### About this task
Look at every line of the material below and tally those containing "radius". Reply with the total alone.

──────────────────────────────

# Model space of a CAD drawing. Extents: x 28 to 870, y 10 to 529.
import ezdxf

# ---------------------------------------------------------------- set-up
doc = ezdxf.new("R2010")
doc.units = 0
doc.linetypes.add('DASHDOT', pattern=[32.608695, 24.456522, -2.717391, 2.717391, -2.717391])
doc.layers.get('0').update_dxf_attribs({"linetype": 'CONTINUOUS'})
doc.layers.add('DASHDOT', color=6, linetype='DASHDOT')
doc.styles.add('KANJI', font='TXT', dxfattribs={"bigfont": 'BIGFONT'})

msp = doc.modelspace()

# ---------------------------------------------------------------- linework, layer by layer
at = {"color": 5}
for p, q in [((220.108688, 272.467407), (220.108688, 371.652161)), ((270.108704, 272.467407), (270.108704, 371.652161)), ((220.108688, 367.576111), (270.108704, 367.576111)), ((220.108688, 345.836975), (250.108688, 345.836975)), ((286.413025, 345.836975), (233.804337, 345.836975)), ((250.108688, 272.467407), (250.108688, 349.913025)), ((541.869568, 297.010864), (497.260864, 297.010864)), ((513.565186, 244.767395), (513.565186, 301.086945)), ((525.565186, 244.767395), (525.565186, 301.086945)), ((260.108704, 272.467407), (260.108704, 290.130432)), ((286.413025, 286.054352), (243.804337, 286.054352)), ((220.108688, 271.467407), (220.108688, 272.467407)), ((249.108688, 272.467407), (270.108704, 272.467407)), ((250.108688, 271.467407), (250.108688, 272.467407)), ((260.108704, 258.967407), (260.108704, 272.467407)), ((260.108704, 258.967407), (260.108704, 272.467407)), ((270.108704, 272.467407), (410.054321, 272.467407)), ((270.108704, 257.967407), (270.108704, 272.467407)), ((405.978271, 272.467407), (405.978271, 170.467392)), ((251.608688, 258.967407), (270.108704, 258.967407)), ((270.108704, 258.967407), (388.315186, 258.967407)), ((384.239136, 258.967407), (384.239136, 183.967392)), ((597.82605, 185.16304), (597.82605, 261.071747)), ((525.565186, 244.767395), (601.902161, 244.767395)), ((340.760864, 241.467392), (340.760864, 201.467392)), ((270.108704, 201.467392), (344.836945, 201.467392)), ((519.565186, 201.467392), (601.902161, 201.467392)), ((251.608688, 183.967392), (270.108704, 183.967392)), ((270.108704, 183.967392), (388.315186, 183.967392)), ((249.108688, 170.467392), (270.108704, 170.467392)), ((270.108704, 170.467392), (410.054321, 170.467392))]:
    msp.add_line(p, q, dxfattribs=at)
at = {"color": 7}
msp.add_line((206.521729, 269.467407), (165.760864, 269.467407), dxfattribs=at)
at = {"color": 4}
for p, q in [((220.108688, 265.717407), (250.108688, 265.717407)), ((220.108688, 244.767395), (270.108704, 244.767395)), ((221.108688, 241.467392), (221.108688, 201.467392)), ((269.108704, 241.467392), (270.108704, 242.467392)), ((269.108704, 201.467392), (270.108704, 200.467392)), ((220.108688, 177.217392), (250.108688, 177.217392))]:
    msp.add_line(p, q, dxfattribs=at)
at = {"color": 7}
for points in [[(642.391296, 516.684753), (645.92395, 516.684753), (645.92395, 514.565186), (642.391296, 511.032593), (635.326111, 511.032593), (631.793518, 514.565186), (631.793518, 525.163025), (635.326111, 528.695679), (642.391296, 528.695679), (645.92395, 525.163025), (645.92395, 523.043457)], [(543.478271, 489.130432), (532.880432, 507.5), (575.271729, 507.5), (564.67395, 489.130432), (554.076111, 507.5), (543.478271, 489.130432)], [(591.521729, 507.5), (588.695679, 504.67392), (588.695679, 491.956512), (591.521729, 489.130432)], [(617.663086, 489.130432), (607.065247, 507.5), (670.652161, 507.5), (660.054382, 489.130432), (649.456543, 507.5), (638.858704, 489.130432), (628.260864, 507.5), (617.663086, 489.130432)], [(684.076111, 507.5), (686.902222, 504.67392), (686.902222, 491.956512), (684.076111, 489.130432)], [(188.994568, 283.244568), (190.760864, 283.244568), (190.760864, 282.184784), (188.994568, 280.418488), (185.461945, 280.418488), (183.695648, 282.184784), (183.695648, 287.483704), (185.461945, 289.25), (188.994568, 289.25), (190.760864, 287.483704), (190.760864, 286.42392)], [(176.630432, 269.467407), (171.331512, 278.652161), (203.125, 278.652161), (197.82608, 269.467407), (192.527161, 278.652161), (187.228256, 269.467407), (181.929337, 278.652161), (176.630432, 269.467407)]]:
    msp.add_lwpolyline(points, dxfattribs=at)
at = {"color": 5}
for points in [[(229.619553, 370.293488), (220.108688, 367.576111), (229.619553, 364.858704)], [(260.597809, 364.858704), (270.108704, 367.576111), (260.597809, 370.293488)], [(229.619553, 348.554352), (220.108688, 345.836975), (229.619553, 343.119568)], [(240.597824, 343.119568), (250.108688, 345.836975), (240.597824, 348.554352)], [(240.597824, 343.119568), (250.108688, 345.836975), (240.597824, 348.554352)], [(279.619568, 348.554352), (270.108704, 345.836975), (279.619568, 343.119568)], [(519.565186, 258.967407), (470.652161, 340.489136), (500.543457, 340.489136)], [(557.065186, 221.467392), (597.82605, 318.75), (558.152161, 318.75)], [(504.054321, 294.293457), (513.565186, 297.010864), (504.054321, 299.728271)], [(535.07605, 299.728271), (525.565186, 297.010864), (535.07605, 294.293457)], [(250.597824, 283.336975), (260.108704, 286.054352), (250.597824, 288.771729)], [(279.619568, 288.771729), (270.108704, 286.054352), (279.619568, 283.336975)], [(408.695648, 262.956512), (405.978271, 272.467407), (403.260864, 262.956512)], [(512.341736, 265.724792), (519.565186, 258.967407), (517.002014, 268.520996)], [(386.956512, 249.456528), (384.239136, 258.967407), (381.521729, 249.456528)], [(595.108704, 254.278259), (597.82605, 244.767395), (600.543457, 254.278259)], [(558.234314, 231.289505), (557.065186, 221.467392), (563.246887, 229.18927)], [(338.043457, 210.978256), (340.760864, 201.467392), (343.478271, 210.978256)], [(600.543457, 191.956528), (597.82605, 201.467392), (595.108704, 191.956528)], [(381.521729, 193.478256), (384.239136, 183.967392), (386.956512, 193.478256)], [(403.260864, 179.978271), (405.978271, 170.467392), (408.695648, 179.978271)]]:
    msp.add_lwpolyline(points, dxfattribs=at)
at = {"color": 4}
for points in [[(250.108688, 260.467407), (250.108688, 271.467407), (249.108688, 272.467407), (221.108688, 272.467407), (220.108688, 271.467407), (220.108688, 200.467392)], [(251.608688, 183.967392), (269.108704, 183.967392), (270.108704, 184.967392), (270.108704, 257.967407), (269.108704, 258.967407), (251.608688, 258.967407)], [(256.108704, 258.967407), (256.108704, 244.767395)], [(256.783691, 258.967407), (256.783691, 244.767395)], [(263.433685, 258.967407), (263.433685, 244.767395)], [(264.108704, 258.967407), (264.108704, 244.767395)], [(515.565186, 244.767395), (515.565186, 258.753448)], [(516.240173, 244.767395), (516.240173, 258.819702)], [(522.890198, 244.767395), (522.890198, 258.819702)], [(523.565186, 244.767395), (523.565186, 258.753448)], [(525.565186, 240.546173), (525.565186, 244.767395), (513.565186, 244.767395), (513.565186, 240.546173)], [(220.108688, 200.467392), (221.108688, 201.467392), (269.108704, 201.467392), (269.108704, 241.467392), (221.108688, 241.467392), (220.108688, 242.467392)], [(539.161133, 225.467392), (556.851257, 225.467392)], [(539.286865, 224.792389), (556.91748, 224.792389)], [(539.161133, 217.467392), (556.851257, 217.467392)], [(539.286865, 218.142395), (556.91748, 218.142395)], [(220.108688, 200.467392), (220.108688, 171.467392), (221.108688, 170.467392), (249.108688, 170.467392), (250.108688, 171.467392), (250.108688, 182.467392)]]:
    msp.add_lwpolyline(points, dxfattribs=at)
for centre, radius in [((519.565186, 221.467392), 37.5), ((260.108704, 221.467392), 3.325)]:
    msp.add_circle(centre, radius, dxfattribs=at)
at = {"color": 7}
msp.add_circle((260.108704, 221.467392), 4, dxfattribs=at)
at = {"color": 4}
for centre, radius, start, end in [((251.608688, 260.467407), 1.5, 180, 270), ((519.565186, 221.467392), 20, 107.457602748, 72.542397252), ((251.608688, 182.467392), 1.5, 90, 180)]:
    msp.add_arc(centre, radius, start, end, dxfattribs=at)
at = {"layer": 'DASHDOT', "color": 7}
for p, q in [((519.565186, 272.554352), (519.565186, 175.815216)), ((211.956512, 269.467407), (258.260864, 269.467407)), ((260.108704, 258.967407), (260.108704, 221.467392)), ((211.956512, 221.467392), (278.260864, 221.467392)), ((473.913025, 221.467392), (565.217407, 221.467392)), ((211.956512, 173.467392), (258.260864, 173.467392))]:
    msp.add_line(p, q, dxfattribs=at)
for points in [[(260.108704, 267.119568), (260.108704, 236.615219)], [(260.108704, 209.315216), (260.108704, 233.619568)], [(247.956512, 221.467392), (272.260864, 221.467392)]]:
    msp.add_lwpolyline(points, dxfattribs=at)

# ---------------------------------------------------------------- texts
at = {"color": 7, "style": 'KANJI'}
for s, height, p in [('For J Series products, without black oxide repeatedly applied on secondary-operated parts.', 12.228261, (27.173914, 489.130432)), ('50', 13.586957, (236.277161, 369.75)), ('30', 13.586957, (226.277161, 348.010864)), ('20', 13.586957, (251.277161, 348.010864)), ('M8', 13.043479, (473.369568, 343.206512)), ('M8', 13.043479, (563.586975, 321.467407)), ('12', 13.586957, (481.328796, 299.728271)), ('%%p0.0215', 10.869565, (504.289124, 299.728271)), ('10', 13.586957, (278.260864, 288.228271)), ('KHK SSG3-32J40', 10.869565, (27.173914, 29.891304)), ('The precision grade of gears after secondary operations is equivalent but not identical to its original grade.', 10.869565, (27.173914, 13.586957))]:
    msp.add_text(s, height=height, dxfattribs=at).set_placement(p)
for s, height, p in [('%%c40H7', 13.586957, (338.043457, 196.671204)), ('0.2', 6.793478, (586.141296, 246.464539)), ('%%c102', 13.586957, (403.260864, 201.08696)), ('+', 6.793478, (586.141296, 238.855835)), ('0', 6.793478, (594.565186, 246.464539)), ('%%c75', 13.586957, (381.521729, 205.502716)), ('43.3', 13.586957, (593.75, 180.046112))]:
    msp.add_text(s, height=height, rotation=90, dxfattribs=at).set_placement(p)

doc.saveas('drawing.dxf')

──────────────────────────────

### Response to the exercise
4